Horoscopes

By Unknown Author

(Mystic Maurice has been fired for inaccuracy, so a series of guest astrologers will guide your destiny this term

This week's horoscopes by: a boy band)

Horoscopes
Horoscopes

ARIES

You look up above, to the one that you love, with the power of a dove, that's really special bruv.

TAURUS

On Tuesday you'll meet a stranger, that looks a bit like the lone ranger.

Horoscopes
Horoscopes

GEMINI

If I can't have you, what will I do, you really are a poo.

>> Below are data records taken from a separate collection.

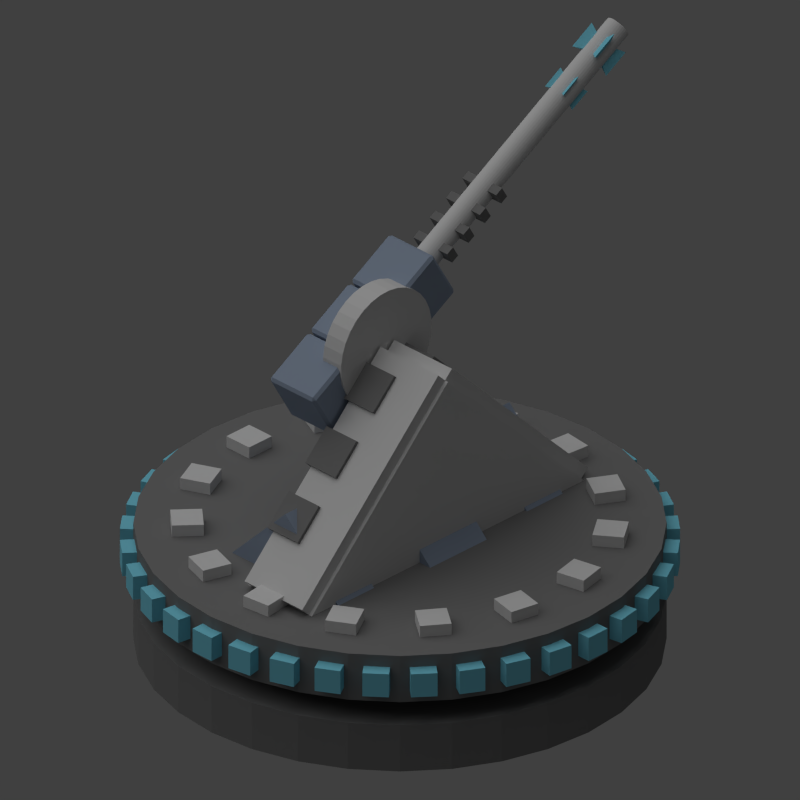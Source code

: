 # Source: heavy_anti-missile.blend  (saved by Blender 2.79.0; exported with 4.5.12 LTS)
import bpy
from mathutils import Matrix  # noqa: F401  (used for matrix-valued properties, if any)

bpy.ops.wm.read_factory_settings(use_empty=True)
scene = bpy.context.scene
scene.name = 'Scene'

# ---- collections
col_collection_1 = bpy.data.collections.new('Collection 1'); scene.collection.children.link(col_collection_1)

# ---- materials (node trees are filled in below, after node groups)
mat_material_002 = bpy.data.materials.new('Material.002')
mat_material_002.alpha_threshold = 0.0
mat_material_002.use_transparent_shadow = False
mat_material_002.diffuse_color = (0.2019, 0.2019, 0.2019, 1.0)
mat_material_002.roughness = 0.5
mat_material_002.line_color = (0.0, 0.0, 0.0, 1.0)
mat_material_001 = bpy.data.materials.new('Material.001')
mat_material_001.alpha_threshold = 0.0
mat_material_001.use_transparent_shadow = False
mat_material_001.diffuse_color = (0.686, 0.686, 0.686, 1.0)
mat_material_001.roughness = 0.5
mat_material_001.line_color = (0.0, 0.0, 0.0, 1.0)
mat_material_004 = bpy.data.materials.new('Material.004')
mat_material_004.alpha_threshold = 0.0
mat_material_004.use_transparent_shadow = False
mat_material_004.diffuse_color = (0.2903, 0.3525, 0.4575, 1.0)
mat_material_004.roughness = 0.5
mat_material_004.line_color = (0.0, 0.0, 0.0, 1.0)
mat_material_003 = bpy.data.materials.new('Material.003')
mat_material_003.alpha_threshold = 0.0
mat_material_003.use_transparent_shadow = False
mat_material_003.diffuse_color = (0.2125, 0.6453, 0.8, 1.0)
mat_material_003.roughness = 0.5
mat_material_003.line_color = (0.0, 0.0, 0.0, 1.0)

# ---- material node trees

# ---- world
world_world = bpy.data.worlds.new('World'); scene.world = world_world
world_world.color = (0.05088, 0.05088, 0.05088)
world_world.use_sun_shadow = False
world_world.sun_shadow_jitter_overblur = 0.0
world_world.cycles.sampling_method = 'NONE'
world_world.cycles.sample_map_resolution = 256

# ---- cameras
cam_camera = bpy.data.cameras.new('Camera')
cam_camera.type = 'ORTHO'
cam_camera.clip_end = 100.0
cam_camera.lens = 35.0
cam_camera.sensor_width = 32.0
cam_camera.sensor_height = 18.0
cam_camera.ortho_scale = 3.0
cam_camera.dof.focus_distance = 0.0
cam_camera.dof.aperture_fstop = 128.0

# ---- lights
light_sun = bpy.data.lights.new('Sun', 'SUN')
light_sun.transmission_factor = 0.0
light_sun.angle = 1.571
light_sun.energy = 1.0
light_sun.shadow_buffer_clip_start = 0.5
light_sun.shadow_soft_size = 1.0
light_sun.shadow_cascade_max_distance = 1000.0
light_sun.cycles.use_multiple_importance_sampling = False
light_lamp = bpy.data.lights.new('Lamp', 'POINT')
light_lamp.transmission_factor = 0.0
light_lamp.cutoff_distance = 30.0
light_lamp.energy = 2.0
light_lamp.shadow_buffer_clip_start = 1.001
light_lamp.shadow_soft_size = 1.0
light_lamp.shadow_maximum_resolution = 0.006
light_lamp.use_absolute_resolution = True
light_lamp.cycles.use_multiple_importance_sampling = False

# ---- meshes
me_cube_070 = bpy.data.meshes.new('Cube.070')
me_cube_070.from_pydata([(-1.0, -1.0, -1.0), (-1.0, 1.0, -1.0), (1.0, 1.0, -1.0), (1.0, -1.0, -1.0), (-1.0, -1.0, 1.0), (-1.0, 1.0, 1.0), (1.0, 1.0, 1.0), (1.0, -1.0, 1.0)], [], [(4, 5, 1, 0), (5, 6, 2, 1), (6, 7, 3, 2), (7, 4, 0, 3), (0, 1, 2, 3), (7, 6, 5, 4)])
me_cube_070.materials.append(mat_material_002)
me_cube_070.use_remesh_preserve_volume = False
me_cube_070.use_remesh_preserve_attributes = False
me_cube_070.use_mirror_vertex_groups = False
me_cube_070.update()
me_cube_069 = bpy.data.meshes.new('Cube.069')
me_cube_069.from_pydata([(-1.0, -1.0, -1.0), (-1.0, 1.0, -1.0), (1.0, 1.0, -1.0), (1.0, -1.0, -1.0), (-1.0, -1.0, 1.0), (-1.0, 1.0, 1.0), (1.0, 1.0, 1.0), (1.0, -1.0, 1.0)], [], [(4, 5, 1, 0), (5, 6, 2, 1), (6, 7, 3, 2), (7, 4, 0, 3), (0, 1, 2, 3), (7, 6, 5, 4)])
me_cube_069.materials.append(mat_material_002)
me_cube_069.use_remesh_preserve_volume = False
me_cube_069.use_remesh_preserve_attributes = False
me_cube_069.use_mirror_vertex_groups = False
me_cube_069.update()
me_cube_068 = bpy.data.meshes.new('Cube.068')
me_cube_068.from_pydata([(-1.0, -1.0, -1.0), (-1.0, 1.0, -1.0), (1.0, 1.0, -1.0), (1.0, -1.0, -1.0), (-1.0, -1.0, 1.0), (-1.0, 1.0, 1.0), (1.0, 1.0, 1.0), (1.0, -1.0, 1.0)], [], [(4, 5, 1, 0), (5, 6, 2, 1), (6, 7, 3, 2), (7, 4, 0, 3), (0, 1, 2, 3), (7, 6, 5, 4)])
me_cube_068.materials.append(mat_material_002)
me_cube_068.use_remesh_preserve_volume = False
me_cube_068.use_remesh_preserve_attributes = False
me_cube_068.use_mirror_vertex_groups = False
me_cube_068.update()
me_cube_067 = bpy.data.meshes.new('Cube.067')
me_cube_067.from_pydata([(-1.0, -1.0, -1.0), (-1.0, 1.0, -1.0), (1.0, 1.0, -1.0), (1.0, -1.0, -1.0), (-1.0, -1.0, 1.0), (-1.0, 1.0, 1.0), (1.0, 1.0, 1.0), (1.0, -1.0, 1.0)], [], [(4, 5, 1, 0), (5, 6, 2, 1), (6, 7, 3, 2), (7, 4, 0, 3), (0, 1, 2, 3), (7, 6, 5, 4)])
me_cube_067.materials.append(mat_material_002)
me_cube_067.use_remesh_preserve_volume = False
me_cube_067.use_remesh_preserve_attributes = False
me_cube_067.use_mirror_vertex_groups = False
me_cube_067.update()
me_cube_066 = bpy.data.meshes.new('Cube.066')
me_cube_066.from_pydata([(-1.0, -1.0, -1.0), (-1.0, 1.0, -1.0), (1.0, 1.0, -1.0), (1.0, -1.0, -1.0), (-1.0, -1.0, 1.0), (-1.0, 1.0, 1.0), (1.0, 1.0, 1.0), (1.0, -1.0, 1.0)], [], [(4, 5, 1, 0), (5, 6, 2, 1), (6, 7, 3, 2), (7, 4, 0, 3), (0, 1, 2, 3), (7, 6, 5, 4)])
me_cube_066.materials.append(mat_material_002)
me_cube_066.use_remesh_preserve_volume = False
me_cube_066.use_remesh_preserve_attributes = False
me_cube_066.use_mirror_vertex_groups = False
me_cube_066.update()
me_cube_065 = bpy.data.meshes.new('Cube.065')
me_cube_065.from_pydata([(-1.0, -1.0, -1.0), (-1.0, 1.0, -1.0), (1.0, 1.0, -1.0), (1.0, -1.0, -1.0), (-1.0, -1.0, 1.0), (-1.0, 1.0, 1.0), (1.0, 1.0, 1.0), (1.0, -1.0, 1.0)], [], [(4, 5, 1, 0), (5, 6, 2, 1), (6, 7, 3, 2), (7, 4, 0, 3), (0, 1, 2, 3), (7, 6, 5, 4)])
me_cube_065.materials.append(mat_material_002)
me_cube_065.use_remesh_preserve_volume = False
me_cube_065.use_remesh_preserve_attributes = False
me_cube_065.use_mirror_vertex_groups = False
me_cube_065.update()
me_cylinder_003 = bpy.data.meshes.new('Cylinder.003')
me_cylinder_003.from_pydata([(0.0, 1.0, -1.0), (0.0, 1.0, 1.0), (0.1951, 0.9808, -1.0), (0.1951, 0.9808, 1.0), (0.3827, 0.9239, -1.0), (0.3827, 0.9239, 1.0), (0.5556, 0.8315, -1.0), (0.5556, 0.8315, 1.0), (0.7071, 0.7071, -1.0), (0.7071, 0.7071, 1.0), (0.8315, 0.5556, -1.0), (0.8315, 0.5556, 1.0), (0.9239, 0.3827, -1.0), (0.9239, 0.3827, 1.0), (0.9808, 0.1951, -1.0), (0.9808, 0.1951, 1.0), (1.0, 7.55e-08, -1.0), (1.0, 7.55e-08, 1.0), (0.9808, -0.1951, -1.0), (0.9808, -0.1951, 1.0), (0.9239, -0.3827, -1.0), (0.9239, -0.3827, 1.0), (0.8315, -0.5556, -1.0), (0.8315, -0.5556, 1.0), (0.7071, -0.7071, -1.0), (0.7071, -0.7071, 1.0), (0.5556, -0.8315, -1.0), (0.5556, -0.8315, 1.0), (0.3827, -0.9239, -1.0), (0.3827, -0.9239, 1.0), (0.1951, -0.9808, -1.0), (0.1951, -0.9808, 1.0), (-3.258e-07, -1.0, -1.0), (-3.258e-07, -1.0, 1.0), (-0.1951, -0.9808, -1.0), (-0.1951, -0.9808, 1.0), (-0.3827, -0.9239, -1.0), (-0.3827, -0.9239, 1.0), (-0.5556, -0.8315, -1.0), (-0.5556, -0.8315, 1.0), (-0.7071, -0.7071, -1.0), (-0.7071, -0.7071, 1.0), (-0.8315, -0.5556, -1.0), (-0.8315, -0.5556, 1.0), (-0.9239, -0.3827, -1.0), (-0.9239, -0.3827, 1.0), (-0.9808, -0.1951, -1.0), (-0.9808, -0.1951, 1.0), (-1.0, 9.656e-07, -1.0), (-1.0, 9.656e-07, 1.0), (-0.9808, 0.1951, -1.0), (-0.9808, 0.1951, 1.0), (-0.9239, 0.3827, -1.0), (-0.9239, 0.3827, 1.0), (-0.8315, 0.5556, -1.0), (-0.8315, 0.5556, 1.0), (-0.7071, 0.7071, -1.0), (-0.7071, 0.7071, 1.0), (-0.5556, 0.8315, -1.0), (-0.5556, 0.8315, 1.0), (-0.3827, 0.9239, -1.0), (-0.3827, 0.9239, 1.0), (-0.1951, 0.9808, -1.0), (-0.1951, 0.9808, 1.0)], [], [(0, 1, 3, 2), (2, 3, 5, 4), (4, 5, 7, 6), (6, 7, 9, 8), (8, 9, 11, 10), (10, 11, 13, 12), (12, 13, 15, 14), (14, 15, 17, 16), (16, 17, 19, 18), (18, 19, 21, 20), (20, 21, 23, 22), (22, 23, 25, 24), (24, 25, 27, 26), (26, 27, 29, 28), (28, 29, 31, 30), (30, 31, 33, 32), (32, 33, 35, 34), (34, 35, 37, 36), (36, 37, 39, 38), (38, 39, 41, 40), (40, 41, 43, 42), (42, 43, 45, 44), (44, 45, 47, 46), (46, 47, 49, 48), (48, 49, 51, 50), (50, 51, 53, 52), (52, 53, 55, 54), (54, 55, 57, 56), (56, 57, 59, 58), (58, 59, 61, 60), (3, 1, 63, 61, 59, 57, 55, 53, 51, 49, 47, 45, 43, 41, 39, 37, 35, 33, 31, 29, 27, 25, 23, 21, 19, 17, 15, 13, 11, 9, 7, 5), (62, 63, 1, 0), (60, 61, 63, 62), (0, 2, 4, 6, 8, 10, 12, 14, 16, 18, 20, 22, 24, 26, 28, 30, 32, 34, 36, 38, 40, 42, 44, 46, 48, 50, 52, 54, 56, 58, 60, 62)])
me_cylinder_003.materials.append(mat_material_001)
me_cylinder_003.use_remesh_preserve_volume = False
me_cylinder_003.use_remesh_preserve_attributes = False
me_cylinder_003.use_mirror_vertex_groups = False
me_cylinder_003.update()
me_cube_064 = bpy.data.meshes.new('Cube.064')
me_cube_064.from_pydata([(-1.0, -1.0, -1.0), (-1.0, 1.0, -1.0), (1.0, 1.0, -1.0), (1.0, -1.0, -1.0), (-1.0, -1.0, 1.0), (-1.0, 1.0, 1.0), (1.0, 1.0, 1.0), (1.0, -1.0, 1.0)], [], [(4, 5, 1, 0), (5, 6, 2, 1), (6, 7, 3, 2), (7, 4, 0, 3), (0, 1, 2, 3), (7, 6, 5, 4)])
me_cube_064.materials.append(mat_material_002)
me_cube_064.use_remesh_preserve_volume = False
me_cube_064.use_remesh_preserve_attributes = False
me_cube_064.use_mirror_vertex_groups = False
me_cube_064.update()
me_cube_063 = bpy.data.meshes.new('Cube.063')
me_cube_063.from_pydata([(-1.0, -1.0, -1.0), (-1.0, 1.0, -1.0), (1.0, 1.0, -1.0), (1.0, -1.0, -1.0), (-1.0, -1.0, 1.0), (-1.0, 1.0, 1.0), (1.0, 1.0, 1.0), (1.0, -1.0, 1.0)], [], [(4, 5, 1, 0), (5, 6, 2, 1), (6, 7, 3, 2), (7, 4, 0, 3), (0, 1, 2, 3), (7, 6, 5, 4)])
me_cube_063.materials.append(mat_material_002)
me_cube_063.use_remesh_preserve_volume = False
me_cube_063.use_remesh_preserve_attributes = False
me_cube_063.use_mirror_vertex_groups = False
me_cube_063.update()
me_cube_062 = bpy.data.meshes.new('Cube.062')
me_cube_062.from_pydata([(-1.0, -1.0, -1.0), (-1.0, 1.0, -1.0), (1.0, 1.0, -1.0), (1.0, -1.0, -1.0), (-1.0, -1.0, 1.0), (-1.0, 1.0, 1.0), (1.0, 1.0, 1.0), (1.0, -1.0, 1.0)], [], [(4, 5, 1, 0), (5, 6, 2, 1), (6, 7, 3, 2), (7, 4, 0, 3), (0, 1, 2, 3), (7, 6, 5, 4)])
me_cube_062.materials.append(mat_material_002)
me_cube_062.use_remesh_preserve_volume = False
me_cube_062.use_remesh_preserve_attributes = False
me_cube_062.use_mirror_vertex_groups = False
me_cube_062.update()
me_cube_061 = bpy.data.meshes.new('Cube.061')
me_cube_061.from_pydata([(-1.0, -1.0, -1.0), (-1.0, 1.0, -1.0), (1.0, 1.0, -1.0), (1.0, -1.0, -1.0), (-1.0, -1.0, 1.0), (-1.0, 1.0, 1.0), (1.0, 1.0, 1.0), (1.0, -1.0, 1.0)], [], [(4, 5, 1, 0), (5, 6, 2, 1), (6, 7, 3, 2), (7, 4, 0, 3), (0, 1, 2, 3), (7, 6, 5, 4)])
me_cube_061.materials.append(mat_material_002)
me_cube_061.use_remesh_preserve_volume = False
me_cube_061.use_remesh_preserve_attributes = False
me_cube_061.use_mirror_vertex_groups = False
me_cube_061.update()
me_cube_060 = bpy.data.meshes.new('Cube.060')
me_cube_060.from_pydata([(-1.0, -1.0, -1.0), (-1.0, 1.0, -1.0), (1.0, 1.0, -1.0), (1.0, -1.0, -1.0), (-1.0, -1.0, 1.0), (-1.0, 1.0, 1.0), (1.0, 1.0, 1.0), (1.0, -1.0, 1.0)], [], [(4, 5, 1, 0), (5, 6, 2, 1), (6, 7, 3, 2), (7, 4, 0, 3), (0, 1, 2, 3), (7, 6, 5, 4)])
me_cube_060.materials.append(mat_material_004)
me_cube_060.use_remesh_preserve_volume = False
me_cube_060.use_remesh_preserve_attributes = False
me_cube_060.use_mirror_vertex_groups = False
me_cube_060.update()
me_cube_059 = bpy.data.meshes.new('Cube.059')
me_cube_059.from_pydata([(-1.0, -1.0, -1.0), (-1.0, 1.0, -1.0), (1.0, 1.0, -1.0), (1.0, -1.0, -1.0), (-1.0, -1.0, 1.0), (-1.0, 1.0, 1.0), (1.0, 1.0, 1.0), (1.0, -1.0, 1.0)], [], [(4, 5, 1, 0), (5, 6, 2, 1), (6, 7, 3, 2), (7, 4, 0, 3), (0, 1, 2, 3), (7, 6, 5, 4)])
me_cube_059.materials.append(mat_material_004)
me_cube_059.use_remesh_preserve_volume = False
me_cube_059.use_remesh_preserve_attributes = False
me_cube_059.use_mirror_vertex_groups = False
me_cube_059.update()
me_cube_058 = bpy.data.meshes.new('Cube.058')
me_cube_058.from_pydata([(-1.0, -1.0, -1.0), (-1.0, 1.0, -1.0), (1.0, 1.0, -1.0), (1.0, -1.0, -1.0), (-1.0, -1.0, 1.0), (-1.0, 1.0, 1.0), (1.0, 1.0, 1.0), (1.0, -1.0, 1.0)], [], [(4, 5, 1, 0), (5, 6, 2, 1), (6, 7, 3, 2), (7, 4, 0, 3), (0, 1, 2, 3), (7, 6, 5, 4)])
me_cube_058.materials.append(mat_material_004)
me_cube_058.use_remesh_preserve_volume = False
me_cube_058.use_remesh_preserve_attributes = False
me_cube_058.use_mirror_vertex_groups = False
me_cube_058.update()
me_cube_057 = bpy.data.meshes.new('Cube.057')
me_cube_057.from_pydata([(-1.0, -1.0, -1.0), (-1.0, 1.0, -1.0), (1.0, 1.0, -1.0), (1.0, -1.0, -1.0), (-1.0, -1.0, 1.0), (-1.0, 1.0, 1.0), (1.0, 1.0, 1.0), (1.0, -1.0, 1.0), (0.0, 0.4555, 0.4555), (0.0, 0.4555, -0.4555), (0.0, -0.4555, 0.4555), (0.0, -0.4555, -0.4555), (-0.4555, -0.4555, 0.0), (-0.4555, 0.4555, 0.0), (0.4555, 0.4555, 0.0), (0.4555, -0.4555, 0.0), (0.0, 0.4555, 0.0), (0.0, -0.4555, 0.0)], [], [(12, 13, 1, 0), (16, 14, 2, 9), (14, 15, 3, 2), (17, 12, 0, 11), (11, 9, 2, 3), (10, 8, 5, 4), (13, 16, 9, 1), (15, 17, 11, 3), (0, 1, 9, 11), (7, 6, 8, 10), (4, 5, 13, 12), (8, 6, 14, 16), (6, 7, 15, 14), (10, 4, 12, 17), (5, 8, 16, 13), (7, 10, 17, 15)])
me_cube_057.materials.append(mat_material_003)
me_cube_057.use_remesh_preserve_volume = False
me_cube_057.use_remesh_preserve_attributes = False
me_cube_057.use_mirror_vertex_groups = False
me_cube_057.update()
me_cube_056 = bpy.data.meshes.new('Cube.056')
me_cube_056.from_pydata([(-1.0, -1.0, -1.0), (-1.0, 1.0, -1.0), (1.0, 1.0, -1.0), (1.0, -1.0, -1.0), (-1.0, -1.0, 1.0), (-1.0, 1.0, 1.0), (1.0, 1.0, 1.0), (1.0, -1.0, 1.0), (0.0, 0.4555, 0.4555), (0.0, 0.4555, -0.4555), (0.0, -0.4555, 0.4555), (0.0, -0.4555, -0.4555), (-0.4555, -0.4555, 0.0), (-0.4555, 0.4555, 0.0), (0.4555, 0.4555, 0.0), (0.4555, -0.4555, 0.0), (0.0, 0.4555, 0.0), (0.0, -0.4555, 0.0)], [], [(12, 13, 1, 0), (16, 14, 2, 9), (14, 15, 3, 2), (17, 12, 0, 11), (11, 9, 2, 3), (10, 8, 5, 4), (13, 16, 9, 1), (15, 17, 11, 3), (0, 1, 9, 11), (7, 6, 8, 10), (4, 5, 13, 12), (8, 6, 14, 16), (6, 7, 15, 14), (10, 4, 12, 17), (5, 8, 16, 13), (7, 10, 17, 15)])
me_cube_056.materials.append(mat_material_003)
me_cube_056.use_remesh_preserve_volume = False
me_cube_056.use_remesh_preserve_attributes = False
me_cube_056.use_mirror_vertex_groups = False
me_cube_056.update()
me_cylinder_002 = bpy.data.meshes.new('Cylinder.002')
me_cylinder_002.from_pydata([(0.0, 1.0, -1.0), (0.0, 1.0, 1.0), (0.1951, 0.9808, -1.0), (0.1951, 0.9808, 1.0), (0.3827, 0.9239, -1.0), (0.3827, 0.9239, 1.0), (0.5556, 0.8315, -1.0), (0.5556, 0.8315, 1.0), (0.7071, 0.7071, -1.0), (0.7071, 0.7071, 1.0), (0.8315, 0.5556, -1.0), (0.8315, 0.5556, 1.0), (0.9239, 0.3827, -1.0), (0.9239, 0.3827, 1.0), (0.9808, 0.1951, -1.0), (0.9808, 0.1951, 1.0), (1.0, 7.55e-08, -1.0), (1.0, 7.55e-08, 1.0), (0.9808, -0.1951, -1.0), (0.9808, -0.1951, 1.0), (0.9239, -0.3827, -1.0), (0.9239, -0.3827, 1.0), (0.8315, -0.5556, -1.0), (0.8315, -0.5556, 1.0), (0.7071, -0.7071, -1.0), (0.7071, -0.7071, 1.0), (0.5556, -0.8315, -1.0), (0.5556, -0.8315, 1.0), (0.3827, -0.9239, -1.0), (0.3827, -0.9239, 1.0), (0.1951, -0.9808, -1.0), (0.1951, -0.9808, 1.0), (-3.258e-07, -1.0, -1.0), (-3.258e-07, -1.0, 1.0), (-0.1951, -0.9808, -1.0), (-0.1951, -0.9808, 1.0), (-0.3827, -0.9239, -1.0), (-0.3827, -0.9239, 1.0), (-0.5556, -0.8315, -1.0), (-0.5556, -0.8315, 1.0), (-0.7071, -0.7071, -1.0), (-0.7071, -0.7071, 1.0), (-0.8315, -0.5556, -1.0), (-0.8315, -0.5556, 1.0), (-0.9239, -0.3827, -1.0), (-0.9239, -0.3827, 1.0), (-0.9808, -0.1951, -1.0), (-0.9808, -0.1951, 1.0), (-1.0, 9.656e-07, -1.0), (-1.0, 9.656e-07, 1.0), (-0.9808, 0.1951, -1.0), (-0.9808, 0.1951, 1.0), (-0.9239, 0.3827, -1.0), (-0.9239, 0.3827, 1.0), (-0.8315, 0.5556, -1.0), (-0.8315, 0.5556, 1.0), (-0.7071, 0.7071, -1.0), (-0.7071, 0.7071, 1.0), (-0.5556, 0.8315, -1.0), (-0.5556, 0.8315, 1.0), (-0.3827, 0.9239, -1.0), (-0.3827, 0.9239, 1.0), (-0.1951, 0.9808, -1.0), (-0.1951, 0.9808, 1.0)], [], [(0, 1, 3, 2), (2, 3, 5, 4), (4, 5, 7, 6), (6, 7, 9, 8), (8, 9, 11, 10), (10, 11, 13, 12), (12, 13, 15, 14), (14, 15, 17, 16), (16, 17, 19, 18), (18, 19, 21, 20), (20, 21, 23, 22), (22, 23, 25, 24), (24, 25, 27, 26), (26, 27, 29, 28), (28, 29, 31, 30), (30, 31, 33, 32), (32, 33, 35, 34), (34, 35, 37, 36), (36, 37, 39, 38), (38, 39, 41, 40), (40, 41, 43, 42), (42, 43, 45, 44), (44, 45, 47, 46), (46, 47, 49, 48), (48, 49, 51, 50), (50, 51, 53, 52), (52, 53, 55, 54), (54, 55, 57, 56), (56, 57, 59, 58), (58, 59, 61, 60), (3, 1, 63, 61, 59, 57, 55, 53, 51, 49, 47, 45, 43, 41, 39, 37, 35, 33, 31, 29, 27, 25, 23, 21, 19, 17, 15, 13, 11, 9, 7, 5), (62, 63, 1, 0), (60, 61, 63, 62), (0, 2, 4, 6, 8, 10, 12, 14, 16, 18, 20, 22, 24, 26, 28, 30, 32, 34, 36, 38, 40, 42, 44, 46, 48, 50, 52, 54, 56, 58, 60, 62)])
me_cylinder_002.materials.append(mat_material_001)
me_cylinder_002.use_remesh_preserve_volume = False
me_cylinder_002.use_remesh_preserve_attributes = False
me_cylinder_002.use_mirror_vertex_groups = False
me_cylinder_002.update()
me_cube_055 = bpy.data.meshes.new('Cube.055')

Ooh baby, yeah. Uh-huh.

CANCER

This week you'll feel sad. Which is bad. The opposite of glad. A cow that barks is mad.

Horoscopes
Horoscopes

LEO

Stop messin' with my heart, I ache when we're apart, why must we play these games, it's drivin' me insane.

VIRGO

Romance at the workplace will make you feel, make you feel like a million dollars, it'll make you wanna holler, just make sure you swaller.

Horoscopes
Horoscopes

LIBRA

Jupiter's third moon, will be rising soon, it might affect your spoon.

SCORPIO

Girl, oh girl, oh, oh girl, if you're going to the shops could you get me a Twirl?

Horoscopes
Horoscopes

SAGITTARIUS

I see you in my dreams, eating custard creams, what does this mean, I'm not sure I'm that keen.

CAPRICORN

On Thursday you'll stub your toe, an endless source of woe, an everlasting foe, a bit like Edgar Allen Poe.

Horoscopes
Horoscopes

AQUARIUS

Why? I can't stop askin' why. Why, why? Oh baby why? Why? Why must you be so shy? You know that I'm your guy. Why?

PISCES

Has anyone seen my hair gel? I had it yesterday. It's the pink stuff with glitter in it.